I was, however, freaking the fuck out.

“Lucy, you’re having your baby,” I chanted.

“I’m aware,” she replied. “We’ll meet you at the hospital. And I expect you to have a martini ready for me the second this baby comes out.”

Then she hung up.

* * *

I was pacing.

Pacing in a hospital, waiting for news on Lucy.

Heath was watching me.

It was like before.

Except instead of waiting for news that would shatter our world, we were waiting for news that would brighten it.

“How does it take this long? It’s crazy,” I muttered.

“I know,” Rosie put in from where she was trying to balance her soda on her belly. “Mine is going to be quick, in and out.
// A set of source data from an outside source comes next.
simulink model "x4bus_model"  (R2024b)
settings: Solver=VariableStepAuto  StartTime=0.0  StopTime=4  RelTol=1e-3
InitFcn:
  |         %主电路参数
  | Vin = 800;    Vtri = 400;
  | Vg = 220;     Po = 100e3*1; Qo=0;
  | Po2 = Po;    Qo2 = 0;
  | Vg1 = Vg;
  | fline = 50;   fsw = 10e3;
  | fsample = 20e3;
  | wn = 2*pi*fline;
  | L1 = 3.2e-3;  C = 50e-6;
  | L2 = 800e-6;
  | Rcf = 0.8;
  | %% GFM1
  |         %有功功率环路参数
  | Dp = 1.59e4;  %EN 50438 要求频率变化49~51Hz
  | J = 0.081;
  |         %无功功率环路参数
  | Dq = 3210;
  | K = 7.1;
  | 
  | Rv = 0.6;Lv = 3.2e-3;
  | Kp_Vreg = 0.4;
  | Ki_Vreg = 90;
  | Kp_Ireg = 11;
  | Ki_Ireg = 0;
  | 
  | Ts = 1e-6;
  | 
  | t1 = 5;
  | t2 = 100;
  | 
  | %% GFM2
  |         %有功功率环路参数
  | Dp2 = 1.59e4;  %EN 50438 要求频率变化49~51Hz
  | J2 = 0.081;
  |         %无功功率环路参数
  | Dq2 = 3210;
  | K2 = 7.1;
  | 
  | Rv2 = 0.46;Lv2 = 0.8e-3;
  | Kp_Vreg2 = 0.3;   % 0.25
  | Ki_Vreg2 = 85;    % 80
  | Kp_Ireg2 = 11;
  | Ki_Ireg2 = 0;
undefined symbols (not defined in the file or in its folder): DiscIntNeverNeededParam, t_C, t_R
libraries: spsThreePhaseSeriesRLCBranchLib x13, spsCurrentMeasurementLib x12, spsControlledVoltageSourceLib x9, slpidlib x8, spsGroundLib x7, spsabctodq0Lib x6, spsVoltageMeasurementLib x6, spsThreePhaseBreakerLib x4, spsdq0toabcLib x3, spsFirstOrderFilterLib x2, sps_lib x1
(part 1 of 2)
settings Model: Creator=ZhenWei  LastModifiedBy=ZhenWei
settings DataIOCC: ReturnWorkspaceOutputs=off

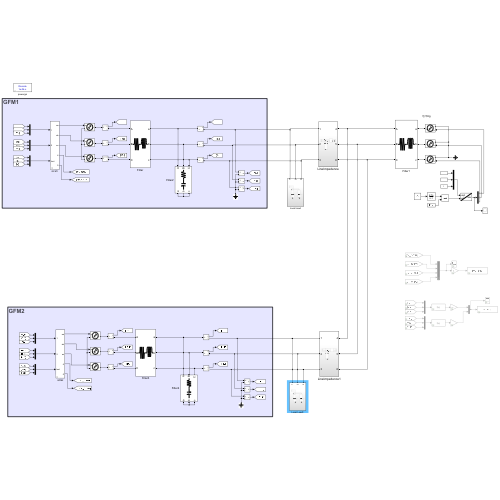
[thumbnail: Simulink's stored preview of the top-level diagram]
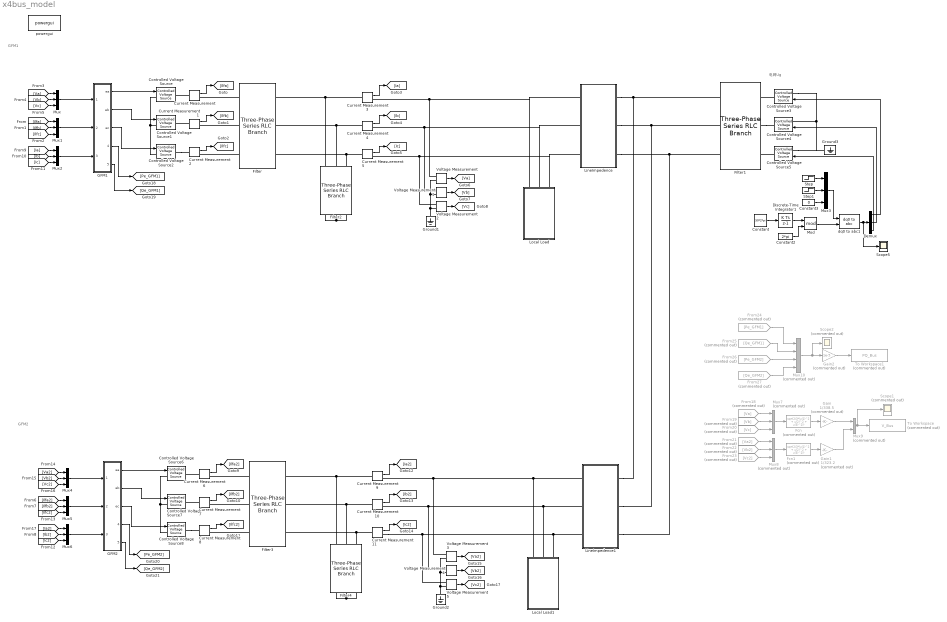
== system x4bus_model ==
  note: GFM1
  note: 电网Ug
  note: GFM2
  Constant : Constant  Value=50*2*pi
  Constant2 : Constant  Value=2*pi
  Constant3 : Constant  Value=0
  Controlled Voltage Source{,1..8} (9 alike) : spsControlledVoltageSourceLib/Controlled Voltage Source  Initialize=on  Source_Type=AC  Amplitude=0  Phase=0  Frequency=0  Measurements=None
  Current Measurement{,1..11} (12 alike) : spsCurrentMeasurementLib/Current Measurement  PhasorSimulation=off  OutputType=Complex  PSBequivalent=0
  Demux : Demux  Outputs=3
  Discrete-Time Integrator1 : DiscreteIntegrator  SampleTime=-1  ICPrevOutput=DiscIntNeverNeededParam  ICPrevScaledInput=DiscIntNeverNeededParam
  Fcn : Fcn  Commented=on  Expr=sqrt(2/3*(u(1)^2 + u(2)^2 + u(3)^2))
  Fcn1 : Fcn  Commented=on  Expr=sqrt(2/3*(u(1)^2 + u(2)^2 + u(3)^2))
  Filter : spsThreePhaseSeriesRLCBranchLib/Three-Phase Series RLC Branch  LConnTagsString=A|B|C  RConnTagsString=A|B|C  BranchType=RL  Resistance=0.05  Inductance=L1  Capacitance=1e-6  Measurements=None
  Filter1 : spsThreePhaseSeriesRLCBranchLib/Three-Phase Series RLC Branch  LConnTagsString=A|B|C  RConnTagsString=A|B|C  BranchType=RL  Resistance=0.01452  Inductance=0.462e-3  Capacitance=1e-6  Measurements=None
  Filter2 : spsThreePhaseSeriesRLCBranchLib/Three-Phase Series RLC Branch  LConnTagsString=A|B|C  RConnTagsString=A|B|C  BranchType=RC  Resistance=Rcf  Inductance=L2  Capacitance=C  Measurements=None
  Filter3 : spsThreePhaseSeriesRLCBranchLib/Three-Phase Series RLC Branch  LConnTagsString=A|B|C  RConnTagsString=A|B|C  BranchType=RL  Resistance=0.05  Inductance=L1  Capacitance=1e-6  Measurements=None
  Filter4 : spsThreePhaseSeriesRLCBranchLib/Three-Phase Series RLC Branch  LConnTagsString=A|B|C  RConnTagsString=A|B|C  BranchType=RC  Resistance=Rcf  Inductance=L2  Capacitance=C  Measurements=None
  From18 : From  Commented=on  GotoTag=Va
  From19 : From  Commented=on  GotoTag=Vb
  From20 : From  Commented=on  GotoTag=Vc
  From21 : From  Commented=on  GotoTag=Va2
  From22 : From  Commented=on  GotoTag=Vb2
  From23 : From  Commented=on  GotoTag=Vc2
  From24 : From  Commented=on  GotoTag=Pe_GFM1
  From25 : From  Commented=on  GotoTag=Qe_GFM1
  From26 : From  Commented=on  GotoTag=Pe_GFM2
  From27 : From  Commented=on  GotoTag=Qe_GFM2
  GFM1 : Subsystem  mask{J=J, Dp=Dp, Dq=Dq, K=K, Kp_Vreg=Kp_Vreg, Ki_Vreg=Ki_Vreg, Kp_Ireg=Kp_Ireg, Ki_Ireg=Ki_Ireg, Lv=Lv, Rv=Rv, Po=Po, Qo=Qo}
      mask prompts: J "惯性系数J"; Dp "有功阻尼Dp"; Dq "无功阻尼Dq"; K "下垂系数K"; Kp_Vreg "电压环kp"; Ki_Vreg "电压环ki"; Kp_Ireg "电流环kp"; Ki_Ireg "电流环ki"; Lv "虚拟电感Lv"; Rv "虚拟电阻Rv"; Po "有功功率Po"; Qo "无功功率Qo"
      mask DialogControl ParameterGroupVar Prompt: 参数
  GFM2 : Subsystem  mask{J=J2, Dp=Dp2, Dq=Dq2, K=K2, Kp_Vreg=Kp_Vreg2, Ki_Vreg=Ki_Vreg2, Kp_Ireg=Kp_Ireg2, Ki_Ireg=Ki_Ireg2, Lv=Lv2, Rv=Rv2, Po=Po2, Qo=Qo2}
      mask prompts: J "惯性系数J"; Dp "有功阻尼Dp"; Dq "无功阻尼Dq"; K "下垂系数K"; Kp_Vreg "电压环kp"; Ki_Vreg "电压环ki"; Kp_Ireg "电流环kp"; Ki_Ireg "电流环ki"; Lv "虚拟电感Lv"; Rv "虚拟电阻Rv"; Po "有功功率Po"; Qo "无功功率Qo"
      mask DialogControl ParameterGroupVar Prompt: 参数
  Gain : Gain  Commented=on  Gain=1/338.5
  Gain1 : Gain  Commented=on  Gain=1/323.2
  Gain2 : Gain  Commented=on  Gain=1e-5
  Ground1 : spsGroundLib/Ground  LConnTagsString=a
  Ground2 : spsGroundLib/Ground  LConnTagsString=a
  Ground3 : spsGroundLib/Ground  LConnTagsString=a
  LineImpedence : Subsystem
  LineImpedence1 : Subsystem
  Local Load : Subsystem
  Local Load1 : Subsystem
  Mod : Math  Operator=mod
  Mux{,1..6} (7 alike) : Mux  Inputs=3
  Mux10 : Mux  Commented=on
  Mux7 : Mux  Commented=on  Inputs=3
  Mux8 : Mux  Commented=on  Inputs=3
  Mux9 : Mux  Commented=on  Inputs=2
  Scope1 : Scope  Commented=on
  Scope2 : Scope  Commented=on
  Scope5 : Scope
  Step : Step  Time=10  Before=311  After=311+20  SampleTime=0
  Step1 : Step  Time=10  After=30  SampleTime=0
  To Workspace : ToWorkspace  Commented=on  VariableName=V_Bus  SaveFormat=Timeseries  SampleTime=-1
  To Workspace1 : ToWorkspace  Commented=on  VariableName=PQ_Bus  SaveFormat=Timeseries  SampleTime=-1
  Voltage Measurement{,1..5} (6 alike) : spsVoltageMeasurementLib/Voltage Measurement  PhasorSimulation=off  OutputType=Complex  PSBequivalent=0
  dq0 to abc1 : spsdq0toabcLib/dq0 to abc  Alignment=90 degrees behind phase A axis
  powergui : sps_lib/powergui  Priority=1  SimulationMode=Discrete  SampleTime=1e-6  frequency=60  Iterations=50  frequencyindice=0  Pbase=100e6  ErrMax=1e-4  UnitsV=kV  UnitsW=MW  buscounter=0  FunctionMessages=off  echomessages=off  EnableUseOfTLC=off  CurrentSourceSwitches=off  DisableSnubberDevices=off  DisableRonSwitches=off  DisableVfSwitches=off  DisplayEquations=off  AutomaticDiscreteSolvers=off  SolverType=Tustin/Backward Euler (TBE)  Interpol=off  ExternalGateDelay=off  methode=off  Ts=100  x0status=blocks  SPID=on  SwTol=0  HookPort=off  NonlinearTolerance=1e-4  nMaxIteration=100  ContinueOnMaxIteration=off  RestoreLinks=warning  ResistiveCurrentMeasurement=off  Frange=[0:2:500]  Ylog=off  Xlog=on  ShowGrid=off  save=off  variable=ZData  structure=0  ZoomFFT=off  StartTime=0.0  cycles=1  DisplayStyle=1  fundamental=60  FreqAxis=off  MaxFrequency=1000  frequencyindicesteady=1  RmsSteady=1  display=off
  wires:
  Current Measurement/1 -> [Ilfa]
  Current Measurement1/1 -> [Ilfb]
  Current Measurement2/1 -> [Ilfc]
  Current Measurement3/1 -> [Ia]
  Current Measurement4/1 -> [Ib]
  Current Measurement5/1 -> [Ic]
  Voltage Measurement/1 -> [Va]
  Voltage Measurement1/1 -> [Vb]
  Voltage Measurement2/1 -> [Vc]
  GFM1/1(ea) -> Controlled Voltage Source/1
  GFM1/2(eb) -> Controlled Voltage Source1/1
  GFM1/3(ec) -> Controlled Voltage Source2/1
  [Va] -> Mux/1
  [Vb] -> Mux/2
  [Vc] -> Mux/3
  [Ilfa] -> Mux1/1
  [Ilfb] -> Mux1/2
  [Ilfc] -> Mux1/3
  [Ic] -> Mux2/3
  [Ib] -> Mux2/2
  [Ia] -> Mux2/1
  Mux/1 -> GFM1/1(Inport)
  Mux1/1 -> GFM1/2(Inport1)
  Mux2/1 -> GFM1/3(Iout)
  Constant/1 -> Discrete-Time Integrator1/1
  Discrete-Time Integrator1/1 -> Mod/1
  Constant2/1 -> Mod/2
  Mod/1 -> dq0 to abc1/2
  Step/1 -> Mux3/1
  Constant3/1 -> Mux3/3
  Mux3/1 -> dq0 to abc1/1
  dq0 to abc1/1 -> Scope5/1, Demux/1
  Demux/1 -> Controlled Voltage Source3/1
  Demux/2 -> Controlled Voltage Source4/1
  Demux/3 -> Controlled Voltage Source5/1
  Step1/1 -> Mux3/2
  Mux6/1 -> GFM2/3(Iout)
  Mux5/1 -> GFM2/2(Inport1)
  Mux4/1 -> GFM2/1(Inport)
  [Ia2] -> Mux6/1
  [Ib2] -> Mux6/2
  [Ic2] -> Mux6/3
  [Ilfc2] -> Mux5/3
  [Ilfb2] -> Mux5/2
  [Ilfa2] -> Mux5/1
  [Vc2] -> Mux4/3
  [Vb2] -> Mux4/2
  [Va2] -> Mux4/1
  GFM2/3(ec) -> Controlled Voltage Source8/1
  GFM2/2(eb) -> Controlled Voltage Source7/1
  GFM2/1(ea) -> Controlled Voltage Source6/1
  Voltage Measurement5/1 -> [Vc2]
  Voltage Measurement4/1 -> [Vb2]
  Voltage Measurement3/1 -> [Va2]
  Current Measurement11/1 -> [Ic2]
  Current Measurement10/1 -> [Ib2]
  Current Measurement9/1 -> [Ia2]
  Current Measurement8/1 -> [Ilfc2]
  Current Measurement7/1 -> [Ilfb2]
  Current Measurement6/1 -> [Ilfa2]
  Mux7/1 -> Fcn/1
  From18/1 -> Mux7/1
  From19/1 -> Mux7/2
  From20/1 -> Mux7/3
  Fcn/1 -> Gain/1
  From23/1 -> Mux8/3
  From22/1 -> Mux8/2
  From21/1 -> Mux8/1
  Mux8/1 -> Fcn1/1
  Fcn1/1 -> Gain1/1
  Gain/1 -> Mux9/1
  Gain1/1 -> Mux9/2
  Mux9/1 -> Scope1/1, To Workspace/1
  GFM1/4(Out1) -> [Pe_GFM1]
  GFM1/5(Out2) -> [Qe_GFM1]
  GFM2/4(Out1) -> [Pe_GFM2]
  GFM2/5(Out2) -> [Qe_GFM2]
  Mux10/1 -> Scope2/1, Gain2/1
  From24/1 -> Mux10/1
  From25/1 -> Mux10/2
  From26/1 -> Mux10/3
  From27/1 -> Mux10/4
  Gain2/1 -> To Workspace1/1
  connections:
  Controlled Voltage Source/LConn1 -- Controlled Voltage Source2/LConn1 -- Controlled Voltage Source1/LConn1
  Current Measurement/LConn1 -- Controlled Voltage Source/RConn1
  Current Measurement1/LConn1 -- Controlled Voltage Source1/RConn1
  Controlled Voltage Source2/RConn1 -- Current Measurement2/LConn1
  Filter2/LConn2 -- Current Measurement4/LConn1 -- Filter/RConn2
  Filter2/LConn1 -- Current Measurement3/LConn1 -- Filter/RConn1
  Filter2/RConn1 -- Filter2/RConn2 -- Filter2/RConn3
  Filter2/LConn3 -- Current Measurement5/LConn1 -- Filter/RConn3
  Filter/LConn2 -- Current Measurement1/RConn1
  Filter/LConn1 -- Current Measurement/RConn1
  Filter/LConn3 -- Current Measurement2/RConn1
  Filter1/RConn2 -- Controlled Voltage Source4/RConn1
  Controlled Voltage Source3/RConn1 -- Filter1/RConn1
  Controlled Voltage Source5/RConn1 -- Filter1/RConn3
  Voltage Measurement/LConn1 -- LineImpedence/LConn1 -- Local Load/LConn1 -- Current Measurement3/RConn1
  Voltage Measurement1/LConn1 -- LineImpedence/LConn2 -- Local Load/LConn2 -- Current Measurement4/RConn1
  Voltage Measurement/LConn2 -- Voltage Measurement1/LConn2 -- Ground1/LConn1 -- Voltage Measurement2/LConn2
  Controlled Voltage Source3/LConn1 -- Controlled Voltage Source5/LConn1 -- Ground3/LConn1 -- Controlled Voltage Source4/LConn1
  Voltage Measurement2/LConn1 -- LineImpedence/LConn3 -- Local Load/LConn3 -- Current Measurement5/RConn1
  Controlled Voltage Source6/LConn1 -- Controlled Voltage Source7/LConn1 -- Controlled Voltage Source8/LConn1
  Filter4/LConn2 -- Current Measurement10/LConn1 -- Filter3/RConn2
  Filter4/LConn1 -- Current Measurement9/LConn1 -- Filter3/RConn1
  Filter4/RConn1 -- Filter4/RConn3 -- Filter4/RConn2
  Filter4/LConn3 -- Filter3/RConn3 -- Current Measurement11/LConn1
  Voltage Measurement3/LConn2 -- Voltage Measurement5/LConn2 -- Ground2/LConn1 -- Voltage Measurement4/LConn2
  Filter3/LConn3 -- Current Measurement8/RConn1
  Filter3/LConn2 -- Current Measurement7/RConn1
  Filter3/LConn1 -- Current Measurement6/RConn1
  Current Measurement7/LConn1 -- Controlled Voltage Source7/RConn1
  Controlled Voltage Source8/RConn1 -- Current Measurement8/LConn1
  Current Measurement6/LConn1 -- Controlled Voltage Source6/RConn1
  LineImpedence/RConn1 -- LineImpedence1/RConn1 -- Filter1/LConn1
  LineImpedence/RConn2 -- LineImpedence1/RConn2 -- Filter1/LConn2
  LineImpedence/RConn3 -- LineImpedence1/RConn3 -- Filter1/LConn3
  LineImpedence1/LConn1 -- Current Measurement9/RConn1 -- Voltage Measurement3/LConn1 -- Local Load1/LConn1
  LineImpedence1/LConn2 -- Local Load1/LConn2 -- Voltage Measurement4/LConn1 -- Current Measurement10/RConn1
  Current Measurement11/RConn1 -- Voltage Measurement5/LConn1 -- Local Load1/LConn3 -- LineImpedence1/LConn3

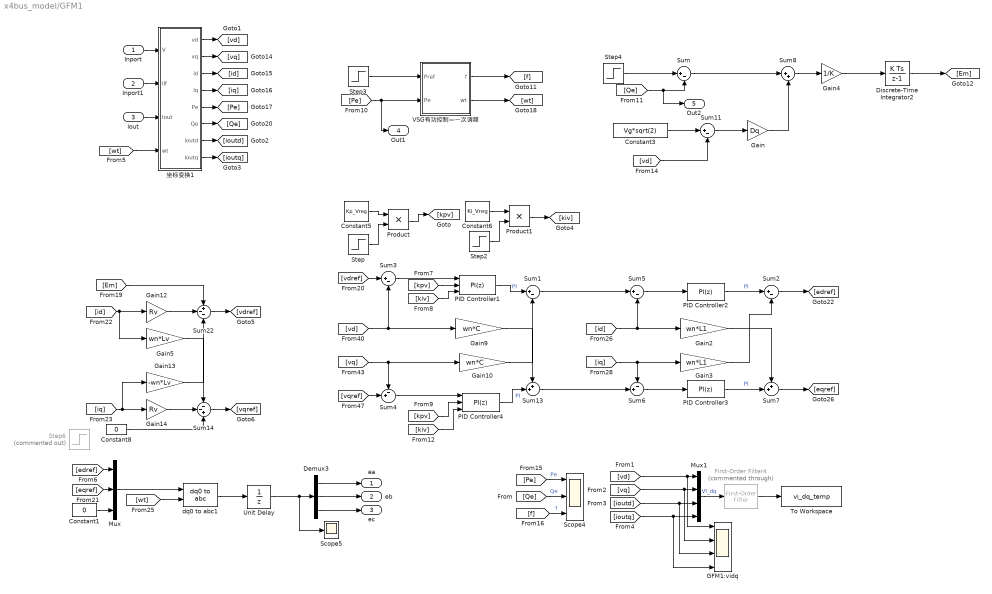
== system x4bus_model/GFM1 ==
  Inport : Inport
  Inport1 : Inport  Port=2
  Iout : Inport  Port=3
  Constant1 : Constant  Value=0
  Constant3 : Constant  Value=Vg*sqrt(2)
  Constant5 : Constant  Value=Kp_Vreg
  Constant6 : Constant  Value=Ki_Vreg
  Constant8 : Constant  Value=0
  Demux3 : Demux  Outputs=3
  Discrete-Time Integrator2 : DiscreteIntegrator  SampleTime=-1  ICPrevOutput=DiscIntNeverNeededParam  ICPrevScaledInput=DiscIntNeverNeededParam
  First-Order Filter4 : spsFirstOrderFilterLib/First-Order Filter  Commented=through  FilterType=Lowpass  Tc=5e-3  Ts=Ts  Initialize=off  Vac_Init=[0, 0, 1000]  Vdc_Init=0  PlotResponse=off  FreqRange="[0,  200,  1]"
  GFM1:vidq : Scope  NumInputPorts=4
  Gain : Gain  Gain=Dq
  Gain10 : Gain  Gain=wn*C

Like a hair appointment. Two weeks from today.”

Luke caught the soda can as it toppled, resting his hand on her large bump.

“The birth of our child is nothing like a hair appointment,” he clipped.

She smiled. “Of course not.”

He frowned and glanced at his phone.

“It totally is,” she mouthed over his head.

I giggled.

Then Keltan burst into the room.

I held my breath. Because even though this was a joyous occasion, my mind was taunting me with all the things that could go wrong. Now I knew that the worst could happen, I kept bracing.

But Keltan was beaming, his eyes red. “We’ve got a daughter,” he said, voice somehow a yell and a whisper at the same time.

And then I let the joy chase away the dread.

* * *

“Sunshine.” Heath snatched me into his arms as I left the room, my arms were still heavy from the weight of my niece in them.

My heart still full from the sight of her and Lucy and Heath.

I leaned until Heath’s arms and he kissed my head, searched my eyes. “You okay?” he asked gently.

I knew why he was asking.

Because he was worried about what this was doing to my barren and empty womb. Seeing all the beautiful things that my sister had that I wouldn’t have. And though I did feel a pang of pain in the spot where I’d lost my child, it wasn’t as much as I’d expected.

Because I’d lost something precious and irreplaceable. But I hadn’t lost everything. I had my sister. My family.

Heath.

And just because I couldn’t grow a child inside me didn’t mean I couldn’t be a mother.

My father taught me that.

That there were plenty of children out there that needed love. And it didn’t matter whether that love was born in blood or not. I did have to discuss the idea of adoption with Heath first since being a part of a couple meant talking about things like adopting babies before you actually did one.

I had something more important to say first.

“I think we should get married,” I said in answer to his question.

He jerked.

He was silent for the longest time, long enough to think I might have to repeat myself.

I wasn’t scared he’d disagree. The man had just brought a house for me, for goodness sake. He’d stuck with me through everything. Loved me since I was eighteen.